**TASK DATA**:
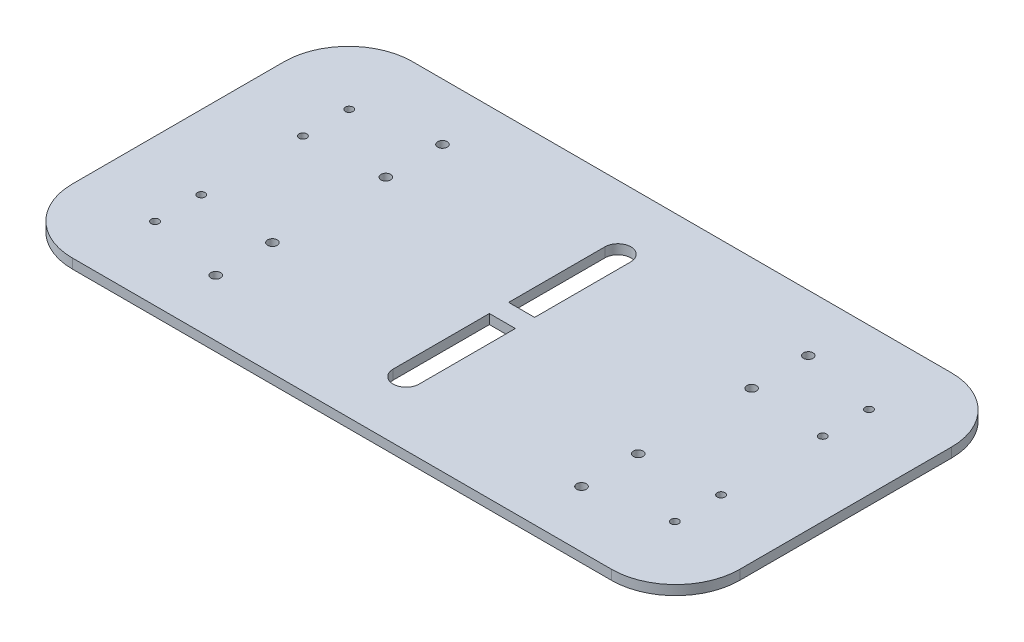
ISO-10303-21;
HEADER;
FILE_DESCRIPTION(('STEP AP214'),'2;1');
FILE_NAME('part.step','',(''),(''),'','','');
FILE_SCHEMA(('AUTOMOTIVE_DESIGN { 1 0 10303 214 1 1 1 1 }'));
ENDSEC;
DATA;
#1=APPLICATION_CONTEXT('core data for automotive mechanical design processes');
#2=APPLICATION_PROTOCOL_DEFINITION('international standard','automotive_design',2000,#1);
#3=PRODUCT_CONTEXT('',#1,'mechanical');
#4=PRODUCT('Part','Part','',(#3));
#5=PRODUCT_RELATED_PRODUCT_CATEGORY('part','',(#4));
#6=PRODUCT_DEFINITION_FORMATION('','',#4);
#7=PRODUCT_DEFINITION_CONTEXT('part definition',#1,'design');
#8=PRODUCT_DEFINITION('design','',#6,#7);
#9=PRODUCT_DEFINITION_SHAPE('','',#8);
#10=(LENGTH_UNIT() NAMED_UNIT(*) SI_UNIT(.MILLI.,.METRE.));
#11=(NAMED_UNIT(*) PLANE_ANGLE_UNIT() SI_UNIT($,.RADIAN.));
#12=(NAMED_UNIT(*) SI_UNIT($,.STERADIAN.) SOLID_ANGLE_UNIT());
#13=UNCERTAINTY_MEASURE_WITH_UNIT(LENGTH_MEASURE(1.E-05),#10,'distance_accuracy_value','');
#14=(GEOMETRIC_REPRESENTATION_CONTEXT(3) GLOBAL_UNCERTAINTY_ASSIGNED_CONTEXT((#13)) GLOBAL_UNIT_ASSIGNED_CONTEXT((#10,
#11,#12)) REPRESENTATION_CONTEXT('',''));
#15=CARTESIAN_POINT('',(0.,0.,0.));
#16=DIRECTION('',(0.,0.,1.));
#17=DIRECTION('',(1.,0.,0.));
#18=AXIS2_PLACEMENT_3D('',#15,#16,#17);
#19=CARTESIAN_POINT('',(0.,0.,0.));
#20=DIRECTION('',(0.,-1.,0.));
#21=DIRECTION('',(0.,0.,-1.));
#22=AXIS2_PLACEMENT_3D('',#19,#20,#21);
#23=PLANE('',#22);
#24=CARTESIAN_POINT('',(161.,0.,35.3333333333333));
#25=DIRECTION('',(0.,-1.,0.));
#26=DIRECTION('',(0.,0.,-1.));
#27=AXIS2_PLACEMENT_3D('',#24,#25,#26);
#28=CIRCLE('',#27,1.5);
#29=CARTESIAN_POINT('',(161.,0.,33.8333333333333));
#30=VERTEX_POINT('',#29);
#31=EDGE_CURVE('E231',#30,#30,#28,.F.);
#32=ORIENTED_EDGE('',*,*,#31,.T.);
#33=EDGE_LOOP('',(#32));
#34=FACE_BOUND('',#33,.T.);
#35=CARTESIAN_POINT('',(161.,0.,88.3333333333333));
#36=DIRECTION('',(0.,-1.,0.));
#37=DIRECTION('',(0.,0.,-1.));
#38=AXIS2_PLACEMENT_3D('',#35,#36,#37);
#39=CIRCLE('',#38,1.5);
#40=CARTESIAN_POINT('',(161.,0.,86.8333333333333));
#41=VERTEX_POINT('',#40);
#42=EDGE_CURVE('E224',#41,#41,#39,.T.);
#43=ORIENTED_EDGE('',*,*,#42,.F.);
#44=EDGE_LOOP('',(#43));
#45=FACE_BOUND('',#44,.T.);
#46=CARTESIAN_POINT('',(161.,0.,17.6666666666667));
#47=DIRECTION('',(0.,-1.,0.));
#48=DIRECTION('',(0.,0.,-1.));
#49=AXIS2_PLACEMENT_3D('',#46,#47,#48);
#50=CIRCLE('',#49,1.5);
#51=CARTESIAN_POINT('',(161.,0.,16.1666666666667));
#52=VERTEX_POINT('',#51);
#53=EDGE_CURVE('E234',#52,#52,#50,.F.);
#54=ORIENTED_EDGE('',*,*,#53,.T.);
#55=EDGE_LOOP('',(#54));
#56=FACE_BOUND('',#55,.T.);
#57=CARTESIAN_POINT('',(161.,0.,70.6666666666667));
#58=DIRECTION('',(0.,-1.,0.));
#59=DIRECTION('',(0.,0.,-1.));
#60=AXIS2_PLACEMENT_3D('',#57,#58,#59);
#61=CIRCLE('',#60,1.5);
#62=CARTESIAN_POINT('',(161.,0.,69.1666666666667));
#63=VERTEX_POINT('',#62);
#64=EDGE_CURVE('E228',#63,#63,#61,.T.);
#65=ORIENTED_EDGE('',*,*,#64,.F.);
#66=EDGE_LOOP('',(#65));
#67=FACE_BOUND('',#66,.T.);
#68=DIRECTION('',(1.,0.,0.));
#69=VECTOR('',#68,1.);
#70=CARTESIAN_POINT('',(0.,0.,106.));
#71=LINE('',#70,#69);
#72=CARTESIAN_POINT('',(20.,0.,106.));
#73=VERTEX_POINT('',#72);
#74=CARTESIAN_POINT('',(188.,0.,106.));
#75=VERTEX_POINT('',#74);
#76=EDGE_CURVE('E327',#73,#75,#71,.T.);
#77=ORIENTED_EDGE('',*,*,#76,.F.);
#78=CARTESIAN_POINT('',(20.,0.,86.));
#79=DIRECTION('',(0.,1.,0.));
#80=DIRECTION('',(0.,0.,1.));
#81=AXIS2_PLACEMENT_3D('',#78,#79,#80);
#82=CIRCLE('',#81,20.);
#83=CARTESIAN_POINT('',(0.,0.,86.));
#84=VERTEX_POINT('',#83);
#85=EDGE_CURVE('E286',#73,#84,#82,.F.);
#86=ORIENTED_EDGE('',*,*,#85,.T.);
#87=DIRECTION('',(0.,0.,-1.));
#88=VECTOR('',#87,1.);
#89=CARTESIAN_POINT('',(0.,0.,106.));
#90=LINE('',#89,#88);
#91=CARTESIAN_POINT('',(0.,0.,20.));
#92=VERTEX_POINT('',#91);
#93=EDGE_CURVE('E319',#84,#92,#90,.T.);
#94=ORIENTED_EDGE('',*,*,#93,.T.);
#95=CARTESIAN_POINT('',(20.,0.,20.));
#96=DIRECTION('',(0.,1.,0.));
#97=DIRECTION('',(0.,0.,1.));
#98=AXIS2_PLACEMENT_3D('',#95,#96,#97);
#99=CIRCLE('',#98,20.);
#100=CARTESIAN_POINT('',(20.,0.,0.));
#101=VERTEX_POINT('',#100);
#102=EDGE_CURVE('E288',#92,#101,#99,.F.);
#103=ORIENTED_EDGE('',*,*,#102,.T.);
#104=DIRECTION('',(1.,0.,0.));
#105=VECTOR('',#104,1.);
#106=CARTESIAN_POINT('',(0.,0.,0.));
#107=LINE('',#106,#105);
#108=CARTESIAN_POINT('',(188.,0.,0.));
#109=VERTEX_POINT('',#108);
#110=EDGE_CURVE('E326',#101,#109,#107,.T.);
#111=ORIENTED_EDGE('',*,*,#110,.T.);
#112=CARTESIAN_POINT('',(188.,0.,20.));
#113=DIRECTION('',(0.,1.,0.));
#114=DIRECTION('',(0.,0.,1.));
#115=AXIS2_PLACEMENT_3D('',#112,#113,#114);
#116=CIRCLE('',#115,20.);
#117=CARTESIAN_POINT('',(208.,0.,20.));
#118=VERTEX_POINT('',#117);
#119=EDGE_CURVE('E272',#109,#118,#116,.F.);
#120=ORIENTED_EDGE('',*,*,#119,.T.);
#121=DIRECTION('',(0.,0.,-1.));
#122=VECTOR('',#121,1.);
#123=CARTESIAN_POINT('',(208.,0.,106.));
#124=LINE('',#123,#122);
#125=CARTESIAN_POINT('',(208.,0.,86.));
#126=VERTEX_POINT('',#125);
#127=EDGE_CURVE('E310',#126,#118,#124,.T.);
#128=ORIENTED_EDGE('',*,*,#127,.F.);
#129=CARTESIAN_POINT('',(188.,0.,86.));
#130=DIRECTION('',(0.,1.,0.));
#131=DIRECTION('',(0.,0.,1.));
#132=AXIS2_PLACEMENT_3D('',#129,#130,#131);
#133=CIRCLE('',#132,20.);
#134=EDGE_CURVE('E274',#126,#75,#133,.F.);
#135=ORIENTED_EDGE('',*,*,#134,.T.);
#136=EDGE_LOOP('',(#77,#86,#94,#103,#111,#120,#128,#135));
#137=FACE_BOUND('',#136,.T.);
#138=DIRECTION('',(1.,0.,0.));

**HOW TO COMPLETE THIS TASK**:
Look above for the line with "#126=VERTEX_POINT('',#125);" and the line with "#131=DIRECTION('',(0.,0.,1.));"; transcribe both and all lines in between, exactly, and nothing else.

**SOLUTION**:
#126=VERTEX_POINT('',#125);
#127=EDGE_CURVE('E310',#126,#118,#124,.T.);
#128=ORIENTED_EDGE('',*,*,#127,.F.);
#129=CARTESIAN_POINT('',(188.,0.,86.));
#130=DIRECTION('',(0.,1.,0.));
#131=DIRECTION('',(0.,0.,1.));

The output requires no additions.